NEW YORK (TheStreet) -- The shares of Netflix (NFLX) are surging after the company reported stronger than expected second quarter results, including higher than expected Q2 subscriber metrics. Many research firms responded by raising their price targets on the stock, but Bernstein was an outlier, warning that the company's long-term U.S. subscriber growth outlook is unrealistic.
BACKGROUND: Netflix reported Q2 EPS of 6c, versus the consensus outlook of 4c. Its Q2 subscriber totals and its Q3 subscriber guidance both came in above the consensus outlook.
BULLISH TAKE: Cowen analyst John Blackledge hiked his price target on Netflix to $150 from $109, calling the company's results "stellar." Netflix's subscriber metrics beat expectations by a large amount, according to Blackledge, who now predicts that the company will have 70M U.S. subscribers and about 104M international subscribers in 2020. FBR Capital analyst Barton Crockett increased his target on Netflix to $142 from $129, saying that the company's growth has been stronger than FBR anticipated while its costs are dropping. Crockett added that the firm's surveys indicate consumers like Netflix as much or more than pay TV, supporting the idea that the company's subscriber metrics and pricing should increase.

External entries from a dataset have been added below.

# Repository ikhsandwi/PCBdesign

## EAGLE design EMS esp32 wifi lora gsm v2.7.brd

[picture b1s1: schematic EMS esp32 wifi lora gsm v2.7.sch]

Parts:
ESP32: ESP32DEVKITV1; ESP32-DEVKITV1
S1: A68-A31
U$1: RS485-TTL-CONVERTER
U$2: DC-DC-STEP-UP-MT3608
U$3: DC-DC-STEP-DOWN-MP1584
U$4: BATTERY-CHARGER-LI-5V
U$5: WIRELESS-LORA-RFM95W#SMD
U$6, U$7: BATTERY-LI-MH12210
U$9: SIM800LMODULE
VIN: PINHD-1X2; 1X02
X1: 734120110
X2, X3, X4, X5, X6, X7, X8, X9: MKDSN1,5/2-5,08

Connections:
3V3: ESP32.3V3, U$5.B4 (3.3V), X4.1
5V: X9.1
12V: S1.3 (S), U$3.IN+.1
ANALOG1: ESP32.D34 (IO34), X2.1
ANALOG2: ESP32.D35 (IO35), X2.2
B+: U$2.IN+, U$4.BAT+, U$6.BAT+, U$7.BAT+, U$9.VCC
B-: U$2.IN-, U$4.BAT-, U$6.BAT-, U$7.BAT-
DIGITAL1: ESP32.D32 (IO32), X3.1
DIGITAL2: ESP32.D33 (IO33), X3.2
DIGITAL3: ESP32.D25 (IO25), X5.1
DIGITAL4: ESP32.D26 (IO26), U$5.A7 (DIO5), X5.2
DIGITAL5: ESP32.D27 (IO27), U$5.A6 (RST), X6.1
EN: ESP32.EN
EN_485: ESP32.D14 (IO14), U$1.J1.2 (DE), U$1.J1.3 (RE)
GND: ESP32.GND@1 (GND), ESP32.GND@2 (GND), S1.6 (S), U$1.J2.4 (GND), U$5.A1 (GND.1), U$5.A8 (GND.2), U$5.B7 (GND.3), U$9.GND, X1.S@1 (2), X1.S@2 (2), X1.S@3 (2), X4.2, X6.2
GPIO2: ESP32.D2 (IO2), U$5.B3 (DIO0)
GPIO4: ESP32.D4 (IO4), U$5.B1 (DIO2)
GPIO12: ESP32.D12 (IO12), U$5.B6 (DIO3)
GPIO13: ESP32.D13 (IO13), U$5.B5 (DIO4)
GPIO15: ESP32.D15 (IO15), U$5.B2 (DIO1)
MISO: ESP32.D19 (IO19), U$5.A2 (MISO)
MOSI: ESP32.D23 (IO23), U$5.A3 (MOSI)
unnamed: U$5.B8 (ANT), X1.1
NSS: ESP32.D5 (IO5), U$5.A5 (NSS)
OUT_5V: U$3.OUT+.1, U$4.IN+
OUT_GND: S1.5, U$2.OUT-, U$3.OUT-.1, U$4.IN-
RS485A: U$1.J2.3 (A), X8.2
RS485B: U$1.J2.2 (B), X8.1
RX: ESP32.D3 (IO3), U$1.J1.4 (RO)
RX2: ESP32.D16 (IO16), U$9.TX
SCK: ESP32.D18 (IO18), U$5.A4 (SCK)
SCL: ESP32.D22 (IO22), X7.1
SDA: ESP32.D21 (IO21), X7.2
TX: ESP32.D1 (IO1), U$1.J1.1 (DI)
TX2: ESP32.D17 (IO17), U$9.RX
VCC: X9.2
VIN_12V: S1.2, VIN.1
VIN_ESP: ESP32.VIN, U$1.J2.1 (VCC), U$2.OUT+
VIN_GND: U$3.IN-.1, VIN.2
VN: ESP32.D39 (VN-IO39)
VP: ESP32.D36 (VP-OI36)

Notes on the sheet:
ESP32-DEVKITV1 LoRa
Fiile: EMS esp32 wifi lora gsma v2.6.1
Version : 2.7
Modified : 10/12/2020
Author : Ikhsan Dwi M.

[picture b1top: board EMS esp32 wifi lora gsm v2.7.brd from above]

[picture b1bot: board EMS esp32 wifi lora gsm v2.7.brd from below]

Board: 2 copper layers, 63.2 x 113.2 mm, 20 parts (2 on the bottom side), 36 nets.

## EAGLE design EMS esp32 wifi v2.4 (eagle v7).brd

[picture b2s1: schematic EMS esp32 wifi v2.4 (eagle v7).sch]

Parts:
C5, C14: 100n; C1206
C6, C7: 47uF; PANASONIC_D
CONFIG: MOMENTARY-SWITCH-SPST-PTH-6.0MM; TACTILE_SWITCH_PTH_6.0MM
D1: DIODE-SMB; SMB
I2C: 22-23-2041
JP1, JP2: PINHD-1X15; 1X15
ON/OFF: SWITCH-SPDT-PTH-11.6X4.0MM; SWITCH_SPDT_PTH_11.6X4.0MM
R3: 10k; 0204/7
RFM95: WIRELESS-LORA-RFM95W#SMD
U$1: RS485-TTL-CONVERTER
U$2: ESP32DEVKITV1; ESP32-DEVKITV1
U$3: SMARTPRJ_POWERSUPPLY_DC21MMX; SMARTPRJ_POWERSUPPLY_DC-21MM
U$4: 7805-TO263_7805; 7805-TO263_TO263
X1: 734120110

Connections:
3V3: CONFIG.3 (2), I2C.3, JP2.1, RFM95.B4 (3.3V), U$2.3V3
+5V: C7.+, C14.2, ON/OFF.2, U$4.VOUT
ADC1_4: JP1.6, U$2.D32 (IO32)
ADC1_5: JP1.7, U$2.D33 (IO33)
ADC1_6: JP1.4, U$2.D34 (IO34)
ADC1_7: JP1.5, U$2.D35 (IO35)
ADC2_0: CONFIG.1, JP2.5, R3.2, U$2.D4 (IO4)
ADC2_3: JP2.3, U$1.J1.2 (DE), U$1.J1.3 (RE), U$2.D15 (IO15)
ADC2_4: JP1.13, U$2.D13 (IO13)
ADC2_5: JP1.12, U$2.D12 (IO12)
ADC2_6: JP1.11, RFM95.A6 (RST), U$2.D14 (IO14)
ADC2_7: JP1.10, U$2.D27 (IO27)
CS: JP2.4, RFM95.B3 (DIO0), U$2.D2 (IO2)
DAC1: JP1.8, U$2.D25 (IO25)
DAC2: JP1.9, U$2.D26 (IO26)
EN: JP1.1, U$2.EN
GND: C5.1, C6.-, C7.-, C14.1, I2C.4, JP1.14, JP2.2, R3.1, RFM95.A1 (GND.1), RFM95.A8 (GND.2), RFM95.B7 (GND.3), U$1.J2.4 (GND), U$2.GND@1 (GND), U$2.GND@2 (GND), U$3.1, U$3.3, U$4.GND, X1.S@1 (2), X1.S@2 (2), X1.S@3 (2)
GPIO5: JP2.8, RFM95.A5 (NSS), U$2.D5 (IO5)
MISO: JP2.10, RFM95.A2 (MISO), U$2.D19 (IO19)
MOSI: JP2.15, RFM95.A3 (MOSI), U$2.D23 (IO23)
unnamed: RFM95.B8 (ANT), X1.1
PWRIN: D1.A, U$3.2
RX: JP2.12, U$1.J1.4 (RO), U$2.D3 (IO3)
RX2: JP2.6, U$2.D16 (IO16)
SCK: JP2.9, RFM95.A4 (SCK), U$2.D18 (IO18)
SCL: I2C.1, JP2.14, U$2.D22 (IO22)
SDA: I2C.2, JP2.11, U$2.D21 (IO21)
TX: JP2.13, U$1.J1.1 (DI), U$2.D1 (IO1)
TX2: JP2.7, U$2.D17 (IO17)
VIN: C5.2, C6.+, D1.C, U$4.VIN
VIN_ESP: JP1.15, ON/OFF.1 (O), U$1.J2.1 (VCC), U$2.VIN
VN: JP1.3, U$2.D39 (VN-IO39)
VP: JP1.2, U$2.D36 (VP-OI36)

BEARISH TAKE: Bernstein analyst Carlos Kirjner continues to believe that Netflix's long-term U.S. subscriber guidance of 60M-90M is unrealistic. In order to achieve the midpoint of that range by 2020, about 90% of U.S. consumers with high speed Internet capability would have to sign up for the service, Kirjner believes. Such an outcome is "extremely unlikely" and Netflix's U.S. subscriber base probably won't exceed 58M over the next five years, said Kirjner, who additionally thinks the company's overseas margins are unlikely to reach the levels it enjoys at home given more intense competition abroad. The analyst kept a $62 price target and Underperform rating on Netflix shares.
WHAT'S NOTABLE: In other Netflix news, the company was granted a motion of summary judgment invalidating all five of the remaining Rovi (ROVI) patents that were being contested. JPMorgan analyst Sterling Auty predicted Rovi shares would sell off on the news as investors consider how the ruling impacts the company's upcoming contract renewals with Comcast (CMCSA), Time Warner Cable (TWC), DirecTV (DTV) and DISH (DISH), adding that the "big 4" choosing to litigate against Rovi is "certainly a possibility." Piper Jaffray analyst Michael Olson, conversely, said the court outcome, while unfavorable for Rovi, was expected and is immaterial to his estimates.
PRICE ACTION: In early trading, Netflix rose 12.8% to $110.73. Earlier in the session, the stock hit a split-adjusted all-time high of $111.10 per share. Meanwhile, Rovi fell 20% to $14 per share.